> GIVEN ENTRIES
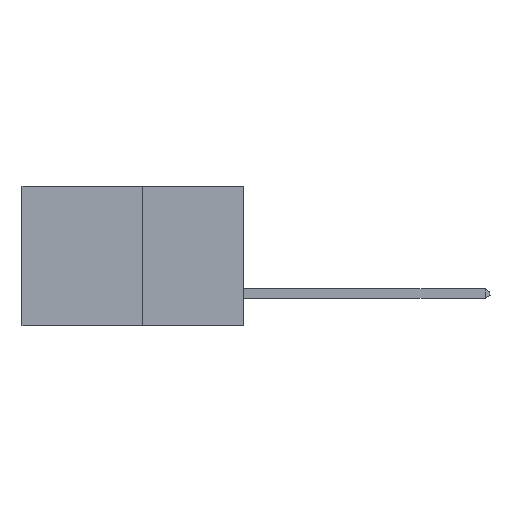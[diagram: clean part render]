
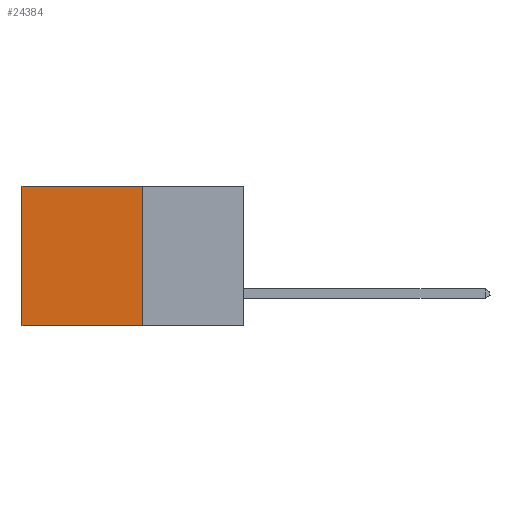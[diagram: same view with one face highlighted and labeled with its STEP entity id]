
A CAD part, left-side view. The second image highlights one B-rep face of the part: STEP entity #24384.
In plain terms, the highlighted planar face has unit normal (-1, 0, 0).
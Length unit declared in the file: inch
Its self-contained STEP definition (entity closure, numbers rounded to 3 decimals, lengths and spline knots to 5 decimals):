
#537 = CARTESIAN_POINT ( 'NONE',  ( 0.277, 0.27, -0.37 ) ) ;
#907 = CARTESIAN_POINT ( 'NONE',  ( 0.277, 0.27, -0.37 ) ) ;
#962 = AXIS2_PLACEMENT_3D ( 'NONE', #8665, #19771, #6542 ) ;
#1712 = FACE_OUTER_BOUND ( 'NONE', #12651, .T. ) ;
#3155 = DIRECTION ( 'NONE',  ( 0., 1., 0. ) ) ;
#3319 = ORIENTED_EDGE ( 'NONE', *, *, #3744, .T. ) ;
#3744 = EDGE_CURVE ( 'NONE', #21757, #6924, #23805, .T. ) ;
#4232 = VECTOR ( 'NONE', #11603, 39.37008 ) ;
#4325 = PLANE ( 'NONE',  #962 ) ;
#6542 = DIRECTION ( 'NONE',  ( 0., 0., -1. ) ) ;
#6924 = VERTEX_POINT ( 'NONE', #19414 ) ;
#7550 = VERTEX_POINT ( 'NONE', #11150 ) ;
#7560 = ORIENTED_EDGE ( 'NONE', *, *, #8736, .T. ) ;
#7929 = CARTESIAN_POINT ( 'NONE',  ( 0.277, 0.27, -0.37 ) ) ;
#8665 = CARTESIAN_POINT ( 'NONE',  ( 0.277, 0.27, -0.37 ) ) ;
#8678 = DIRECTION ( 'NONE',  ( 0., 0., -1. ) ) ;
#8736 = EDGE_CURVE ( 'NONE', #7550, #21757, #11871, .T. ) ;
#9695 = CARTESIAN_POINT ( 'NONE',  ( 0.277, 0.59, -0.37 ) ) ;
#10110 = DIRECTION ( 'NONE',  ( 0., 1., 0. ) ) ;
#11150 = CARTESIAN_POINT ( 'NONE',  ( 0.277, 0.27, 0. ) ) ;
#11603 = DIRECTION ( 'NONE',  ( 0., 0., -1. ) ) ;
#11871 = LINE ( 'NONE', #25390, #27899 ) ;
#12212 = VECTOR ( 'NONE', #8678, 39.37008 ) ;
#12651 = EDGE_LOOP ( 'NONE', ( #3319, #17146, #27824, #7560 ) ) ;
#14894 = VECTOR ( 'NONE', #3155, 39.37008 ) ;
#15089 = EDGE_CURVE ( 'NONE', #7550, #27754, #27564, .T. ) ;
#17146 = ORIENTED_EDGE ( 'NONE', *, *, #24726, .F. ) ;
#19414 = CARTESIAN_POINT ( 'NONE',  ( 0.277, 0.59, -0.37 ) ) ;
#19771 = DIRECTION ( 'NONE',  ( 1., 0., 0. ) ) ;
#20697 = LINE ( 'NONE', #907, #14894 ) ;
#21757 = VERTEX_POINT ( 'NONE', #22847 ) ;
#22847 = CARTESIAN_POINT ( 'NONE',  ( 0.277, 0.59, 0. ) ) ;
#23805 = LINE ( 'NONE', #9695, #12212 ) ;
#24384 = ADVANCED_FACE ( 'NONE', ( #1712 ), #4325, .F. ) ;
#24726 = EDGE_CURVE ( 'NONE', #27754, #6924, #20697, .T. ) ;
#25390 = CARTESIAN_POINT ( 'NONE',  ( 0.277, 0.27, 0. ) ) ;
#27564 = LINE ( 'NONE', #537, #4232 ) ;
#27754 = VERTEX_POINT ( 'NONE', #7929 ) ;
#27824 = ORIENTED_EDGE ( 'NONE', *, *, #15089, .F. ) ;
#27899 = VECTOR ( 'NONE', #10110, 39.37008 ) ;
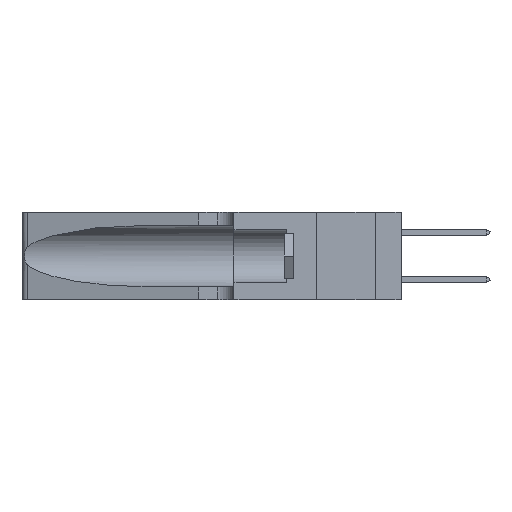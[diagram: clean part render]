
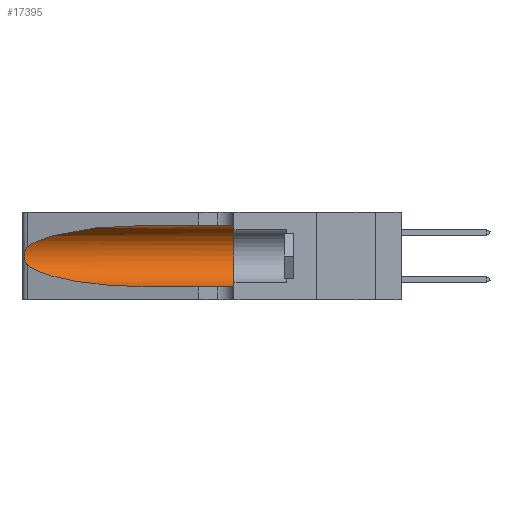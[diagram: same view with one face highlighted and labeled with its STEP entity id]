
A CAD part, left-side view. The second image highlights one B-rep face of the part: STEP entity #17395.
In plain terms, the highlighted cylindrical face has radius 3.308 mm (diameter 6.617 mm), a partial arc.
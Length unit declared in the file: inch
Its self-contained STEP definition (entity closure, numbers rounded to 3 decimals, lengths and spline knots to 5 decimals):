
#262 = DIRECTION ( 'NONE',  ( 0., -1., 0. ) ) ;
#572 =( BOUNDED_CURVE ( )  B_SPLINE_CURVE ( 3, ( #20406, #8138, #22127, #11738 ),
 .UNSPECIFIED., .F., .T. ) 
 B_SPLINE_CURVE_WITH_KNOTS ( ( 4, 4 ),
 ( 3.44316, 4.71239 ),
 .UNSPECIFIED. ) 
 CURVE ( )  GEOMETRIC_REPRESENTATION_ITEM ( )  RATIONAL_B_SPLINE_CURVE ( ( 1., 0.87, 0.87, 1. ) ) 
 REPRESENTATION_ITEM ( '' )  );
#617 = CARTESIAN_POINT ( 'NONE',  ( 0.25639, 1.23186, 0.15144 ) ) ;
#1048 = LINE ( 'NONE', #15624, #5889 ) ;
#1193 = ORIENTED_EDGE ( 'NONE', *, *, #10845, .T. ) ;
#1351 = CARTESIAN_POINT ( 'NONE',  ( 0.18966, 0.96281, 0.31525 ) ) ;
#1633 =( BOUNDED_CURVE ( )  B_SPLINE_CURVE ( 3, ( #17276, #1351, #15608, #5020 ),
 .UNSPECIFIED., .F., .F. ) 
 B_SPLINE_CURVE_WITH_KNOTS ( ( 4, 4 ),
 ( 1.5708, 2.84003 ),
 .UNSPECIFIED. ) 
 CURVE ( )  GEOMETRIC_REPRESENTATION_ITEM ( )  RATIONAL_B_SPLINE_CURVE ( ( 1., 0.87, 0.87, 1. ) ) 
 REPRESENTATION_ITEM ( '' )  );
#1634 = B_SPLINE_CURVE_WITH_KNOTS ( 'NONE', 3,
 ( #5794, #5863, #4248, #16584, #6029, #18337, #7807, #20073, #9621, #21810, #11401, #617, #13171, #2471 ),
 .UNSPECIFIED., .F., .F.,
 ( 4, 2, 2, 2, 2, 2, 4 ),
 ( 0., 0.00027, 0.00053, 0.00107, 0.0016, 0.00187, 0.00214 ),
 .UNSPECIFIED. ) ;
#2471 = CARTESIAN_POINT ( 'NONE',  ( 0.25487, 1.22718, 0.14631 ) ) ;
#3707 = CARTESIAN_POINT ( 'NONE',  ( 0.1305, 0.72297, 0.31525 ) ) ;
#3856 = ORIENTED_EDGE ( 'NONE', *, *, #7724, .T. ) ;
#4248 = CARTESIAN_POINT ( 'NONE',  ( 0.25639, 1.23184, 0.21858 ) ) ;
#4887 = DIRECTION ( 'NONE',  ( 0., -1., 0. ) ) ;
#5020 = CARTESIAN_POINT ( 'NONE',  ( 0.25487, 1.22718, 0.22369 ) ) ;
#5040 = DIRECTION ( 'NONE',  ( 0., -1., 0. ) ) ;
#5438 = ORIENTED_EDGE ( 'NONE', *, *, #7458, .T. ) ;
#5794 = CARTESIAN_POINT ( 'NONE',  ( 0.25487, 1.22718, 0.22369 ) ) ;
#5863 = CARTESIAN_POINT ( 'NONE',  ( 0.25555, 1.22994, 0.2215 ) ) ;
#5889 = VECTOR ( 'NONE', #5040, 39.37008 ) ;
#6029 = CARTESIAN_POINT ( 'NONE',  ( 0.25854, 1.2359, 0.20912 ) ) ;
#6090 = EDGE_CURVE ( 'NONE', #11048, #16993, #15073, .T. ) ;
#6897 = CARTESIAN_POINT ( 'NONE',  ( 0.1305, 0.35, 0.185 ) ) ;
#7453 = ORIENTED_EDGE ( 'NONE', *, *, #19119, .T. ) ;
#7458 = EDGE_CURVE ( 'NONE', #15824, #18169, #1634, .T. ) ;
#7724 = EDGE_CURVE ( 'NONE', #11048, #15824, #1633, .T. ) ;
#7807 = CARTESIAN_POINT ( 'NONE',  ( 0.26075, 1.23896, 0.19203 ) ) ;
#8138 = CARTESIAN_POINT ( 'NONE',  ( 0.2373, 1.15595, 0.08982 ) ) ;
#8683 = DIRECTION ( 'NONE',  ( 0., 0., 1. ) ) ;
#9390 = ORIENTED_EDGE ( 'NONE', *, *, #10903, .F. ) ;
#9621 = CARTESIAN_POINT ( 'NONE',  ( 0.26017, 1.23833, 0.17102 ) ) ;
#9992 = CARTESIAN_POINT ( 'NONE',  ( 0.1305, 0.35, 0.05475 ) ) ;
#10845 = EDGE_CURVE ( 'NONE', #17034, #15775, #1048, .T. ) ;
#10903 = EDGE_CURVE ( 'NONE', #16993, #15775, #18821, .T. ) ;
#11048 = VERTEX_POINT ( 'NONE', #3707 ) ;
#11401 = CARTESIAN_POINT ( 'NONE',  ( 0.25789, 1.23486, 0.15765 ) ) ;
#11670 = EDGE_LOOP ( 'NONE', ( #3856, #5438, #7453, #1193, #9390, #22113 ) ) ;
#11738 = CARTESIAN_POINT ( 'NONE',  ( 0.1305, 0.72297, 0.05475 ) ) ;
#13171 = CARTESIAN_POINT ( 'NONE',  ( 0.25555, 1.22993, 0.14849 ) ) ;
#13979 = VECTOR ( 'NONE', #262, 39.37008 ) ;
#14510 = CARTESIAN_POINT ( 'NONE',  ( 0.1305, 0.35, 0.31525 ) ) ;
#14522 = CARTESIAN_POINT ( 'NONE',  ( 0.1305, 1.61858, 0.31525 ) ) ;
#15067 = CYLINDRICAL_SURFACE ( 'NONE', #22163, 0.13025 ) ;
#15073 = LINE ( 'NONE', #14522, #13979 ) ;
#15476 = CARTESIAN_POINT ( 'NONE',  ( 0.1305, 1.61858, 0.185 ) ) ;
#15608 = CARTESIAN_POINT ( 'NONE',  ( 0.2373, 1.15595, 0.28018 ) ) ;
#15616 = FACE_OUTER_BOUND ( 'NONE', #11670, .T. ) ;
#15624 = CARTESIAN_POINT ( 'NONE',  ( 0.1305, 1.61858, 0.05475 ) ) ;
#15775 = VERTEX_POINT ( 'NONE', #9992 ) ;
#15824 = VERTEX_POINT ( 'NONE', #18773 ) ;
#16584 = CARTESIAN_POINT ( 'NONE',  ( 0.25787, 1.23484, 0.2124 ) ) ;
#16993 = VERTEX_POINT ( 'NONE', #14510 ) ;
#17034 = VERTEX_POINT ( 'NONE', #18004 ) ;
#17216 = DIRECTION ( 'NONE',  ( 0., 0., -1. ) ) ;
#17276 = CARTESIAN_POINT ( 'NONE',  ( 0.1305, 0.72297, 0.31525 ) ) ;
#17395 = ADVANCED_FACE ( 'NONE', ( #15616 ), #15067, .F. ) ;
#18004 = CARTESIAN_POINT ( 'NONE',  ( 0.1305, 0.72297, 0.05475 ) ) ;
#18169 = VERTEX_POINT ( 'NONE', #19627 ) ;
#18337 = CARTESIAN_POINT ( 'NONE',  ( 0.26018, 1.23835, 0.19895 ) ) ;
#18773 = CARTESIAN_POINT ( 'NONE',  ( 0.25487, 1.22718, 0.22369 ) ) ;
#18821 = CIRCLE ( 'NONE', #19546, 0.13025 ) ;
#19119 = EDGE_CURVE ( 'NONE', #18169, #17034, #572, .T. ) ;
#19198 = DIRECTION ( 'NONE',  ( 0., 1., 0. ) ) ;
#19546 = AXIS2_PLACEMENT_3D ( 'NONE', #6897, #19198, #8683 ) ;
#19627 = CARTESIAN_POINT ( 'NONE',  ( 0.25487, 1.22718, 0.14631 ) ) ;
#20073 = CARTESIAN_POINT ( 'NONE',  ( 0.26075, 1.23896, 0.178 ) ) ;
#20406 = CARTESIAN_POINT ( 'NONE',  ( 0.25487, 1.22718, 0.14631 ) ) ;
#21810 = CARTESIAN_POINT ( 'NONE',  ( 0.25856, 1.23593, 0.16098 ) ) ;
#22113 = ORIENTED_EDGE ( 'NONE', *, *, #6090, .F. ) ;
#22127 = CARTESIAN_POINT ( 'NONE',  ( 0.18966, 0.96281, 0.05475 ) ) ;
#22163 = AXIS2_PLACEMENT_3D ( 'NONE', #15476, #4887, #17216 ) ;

> WHAT NEEDS TO BE DONE
No pictures belong in the answer, only the lines from the top of the listing through the line containing "#8665 = CARTESIAN_POINT", repeated word for word.

> SOLUTION FOR THIS TASK
[diagram: clean part render]
[diagram: same view with one face highlighted and labeled with its STEP entity id]
A CAD part, left-side view. The second image highlights one B-rep face of the part: STEP entity #24384.
In plain terms, the highlighted planar face has unit normal (-1, 0, 0).
Length unit declared in the file: inch
Its self-contained STEP definition (entity closure, numbers rounded to 3 decimals, lengths and spline knots to 5 decimals):
#537 = CARTESIAN_POINT ( 'NONE',  ( 0.277, 0.27, -0.37 ) ) ;
#907 = CARTESIAN_POINT ( 'NONE',  ( 0.277, 0.27, -0.37 ) ) ;
#962 = AXIS2_PLACEMENT_3D ( 'NONE', #8665, #19771, #6542 ) ;
#1712 = FACE_OUTER_BOUND ( 'NONE', #12651, .T. ) ;
#3155 = DIRECTION ( 'NONE',  ( 0., 1., 0. ) ) ;
#3319 = ORIENTED_EDGE ( 'NONE', *, *, #3744, .T. ) ;
#3744 = EDGE_CURVE ( 'NONE', #21757, #6924, #23805, .T. ) ;
#4232 = VECTOR ( 'NONE', #11603, 39.37008 ) ;
#4325 = PLANE ( 'NONE',  #962 ) ;
#6542 = DIRECTION ( 'NONE',  ( 0., 0., -1. ) ) ;
#6924 = VERTEX_POINT ( 'NONE', #19414 ) ;
#7550 = VERTEX_POINT ( 'NONE', #11150 ) ;
#7560 = ORIENTED_EDGE ( 'NONE', *, *, #8736, .T. ) ;
#7929 = CARTESIAN_POINT ( 'NONE',  ( 0.277, 0.27, -0.37 ) ) ;
#8665 = CARTESIAN_POINT ( 'NONE',  ( 0.277, 0.27, -0.37 ) ) ;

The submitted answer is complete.